Analysts anticipate the $26 billion merger between Diamondback Energy and Endeavor Energy will elevate it into a class of massive, public independent E&Ps in the Permian Basin.
The tie-up between Diamondback and Endeavor Energy Resources LP, two of the top oil producers in the prolific Permian Basin, is expected to create an oil and gas company with a market value of more than $50 billion. The deal also further reduces an already tight market for E&Ps scouring the Permian for inventory.
Diamondback’s cash-and-stock bid to acquire Endeavor Energy is also the largest buyout of a private upstream company ever tracked by Enverus Intelligence Research, Senior Vice President Andrew Dittmar said.
The merger, announced before markets opened Feb. 12, “creates an entity that will compete on day one for [Pioneer Natural Resources] market cap (~$54 billion),” analysts at Stifel reported.
The combination could place Diamondback into an elite group of super-independent E&Ps, a nebulously defined group that often includes the likes of EOG Resources ( with a market cap of about $65 billion), Pioneer Natural Resources ($54 billion) and Occidental Petroleum ($52 billion).
It’s already a small group, and it’s getting smaller: Texas-based supermajor Exxon Mobil Corp. inked an eye-popping $65 billion acquisition of Pioneer last fall.
“With Pioneer Natural Resources set to be folded into Exxon Mobil, Diamondback will be the standard bearer for Permian pure plays and will have an enviable combination of scale, remaining inventory quality and operational execution,” Dittmar said.
Once closed, the Endeavor acquisition would vault Diamondback’s market value ahead of the other large majors in its peer group, including Hess Corp. (with a market cap of $44 billion), Devon Energy ($30 billion), Coterra Energy ($20 billion) and Marathon Oil ($13.3 billion).
California-based major Chevron Corp. signed its own $60 billion deal to acquire Hess last year.
RELATED: Diamondback Energy to Acquire Permian’s Endeavor for $26B
Permian prowl
Travis Stice, Diamondback chairman and CEO, called Endeavor “the highest quality private oil company in the United States” during a Feb. 12 conference call with analysts.
Diamondback portfolio includes about 494,000 acres spread across the Permian, the nation’s top oil-producing basin.
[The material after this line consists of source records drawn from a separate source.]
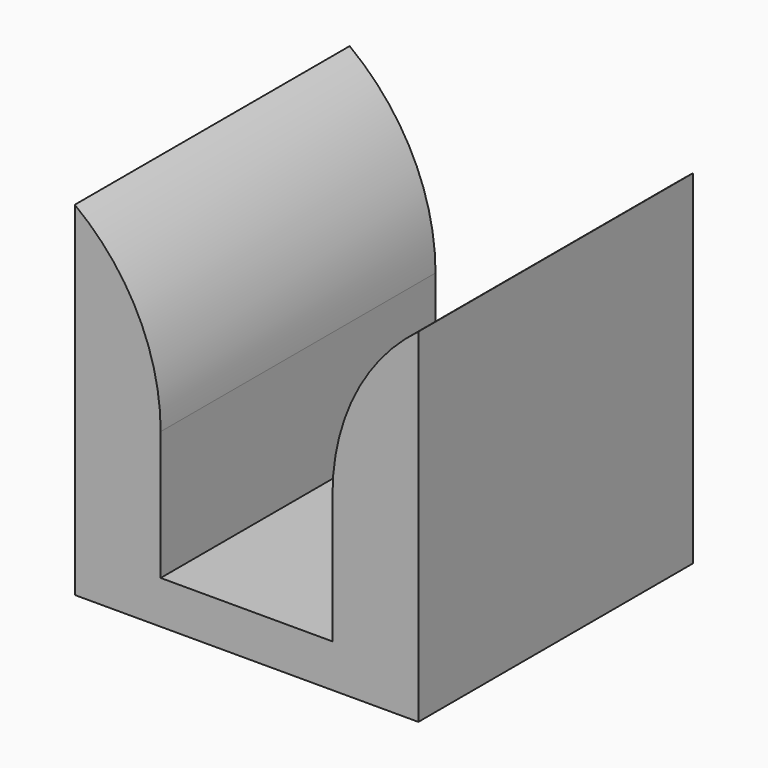
from build123d import *

# Parameters (mm, degrees)
F0_W        = 2
F0_H        = 7
F1_DEPTH    = 8
F2_T1_DEPTH = 28


# Not quite as in the source:
# - a fillet or chamfer that OpenCascade refuses, or shapes differently, is made with other operations: its cross-section is extruded or revolved along the edge and cut away or added


with BuildPart() as f1:
    # F0 (on Front) → F1 (new body)
    with BuildSketch(Plane.XZ):
        with Locations((-3, 4)):
            Rectangle(F0_W, F0_H)
        Polygon((-2, 0.5), (-4, 0.5), (-4, -0.5), (4, -0.5), (4, 0.5), (2, 0.5), align=None)
        with Locations((3, 4)):
            Rectangle(F0_W, F0_H)
    extrude(amount=F1_DEPTH)

    # F2: fillet of radius 5 on 2 edges, made by hand

    # F2_s2 → F2_t1 (cut)
    with BuildSketch(Plane.XZ.offset(-10)):
        with BuildLine():
            ThreePointArc((-2, 3.5), (-2.527864045, 5.7360679775), (-4, 7.5))
            Line((-4, 7.5), (-2, 7.5))
            Line((-2, 7.5), (-2, 3.5))
        make_face()
        with BuildLine():
            ThreePointArc((4, 7.5), (2.527864045, 5.7360679775), (2, 3.5))
            Line((2, 3.5), (2, 7.5))
            Line((2, 7.5), (4, 7.5))
        make_face()
    extrude(amount=F2_T1_DEPTH, mode=Mode.SUBTRACT)


solid = f1.part

Around 70% of the company’s acreage is held within the Permian’s Midland Basin.
Founded by wildcatter Autry Stephens in 1979, Endeavor developed one of the most coveted acreage positions in the core of the Midland.
Endeavor’s long history is part of what makes the private E&P such an attractive target for M&A, Dittmar said.
“Endeavor was able to secure what is now among the most valuable acreage in the Permian well before the shale boom came around and is one of the few acquisition targets that improves the quality of Diamondback’s portfolio,” he said.
After merging with Endeavor, Diamondback’s pro forma oil production will grow to 468,000 bbl/d (816,000 boe/d) from 273,000 bbl/d (463,000 boe/d).
The company’s total Permian acreage will grow to around 838,000 net acres.
Based on Endeavor’s 344,000 net Midland acres and roughly 2,300 core drilling locations, Diamondback’s purchase price shakes out to around $31,200 per acre and $4.7 million per location, TD Cowen managing director David Deckelbaum reported.
Diamondback’s Endeavor deal “screens attractive relative to implied valuations” of other recent deals inked in the Permian—including Exxon’s acquisition of Pioneer ($38,000/acre; $4.4 million/location) and Occidental’s $12 billion acquisition of CrownRock ($56,000/acre; $4.8 million/location), per TD Cowen analysis.
RELATED: After Record Year, Permian Basin Set for Even More M&A in 2024
Chopping block watch
The Permian Basin has seen a wave of consolidation as E&Ps big and small search for drilling inventory depth and high-quality rock.
A scarcity-fueled M&A deluge culminated in $192 billion of upstream transactions in 2023, according to Enverus analysis.
Because of the record amount of upstream consolidation, the list of potential M&A targets in the Permian is getting leaner.
“While there are a handful of potential public company tie-ups, the next wave of Permian dealmaking will likely need to be driven by non-core asset sales from the big buyers,” Dittmar said.
Speaking during the company’s call with analysts, Diamondback CFO Kaes Van’t Hof said the E&P doesn’t feel forced to sell off any of its portfolio. But Diamondback envisions eventually making some non-core asset sales to reduce debt more quickly.
“We still have some significant JV [joint venture] interests,” he said. “Clearly, the Delaware Basin is going to get less capital as a percentage of total than it did previously. But again, we’re not a forced seller.”
Diamondback’s Delaware Basin acreage is one part of its portfolio that could hit the chopping block for a sale, Dittmar said. Analysts had similar thoughts about the new Midland Basin acreage that Delaware-focused Permian Resources gained through the $4.5 billion acquisition of Earthstone Energy last year.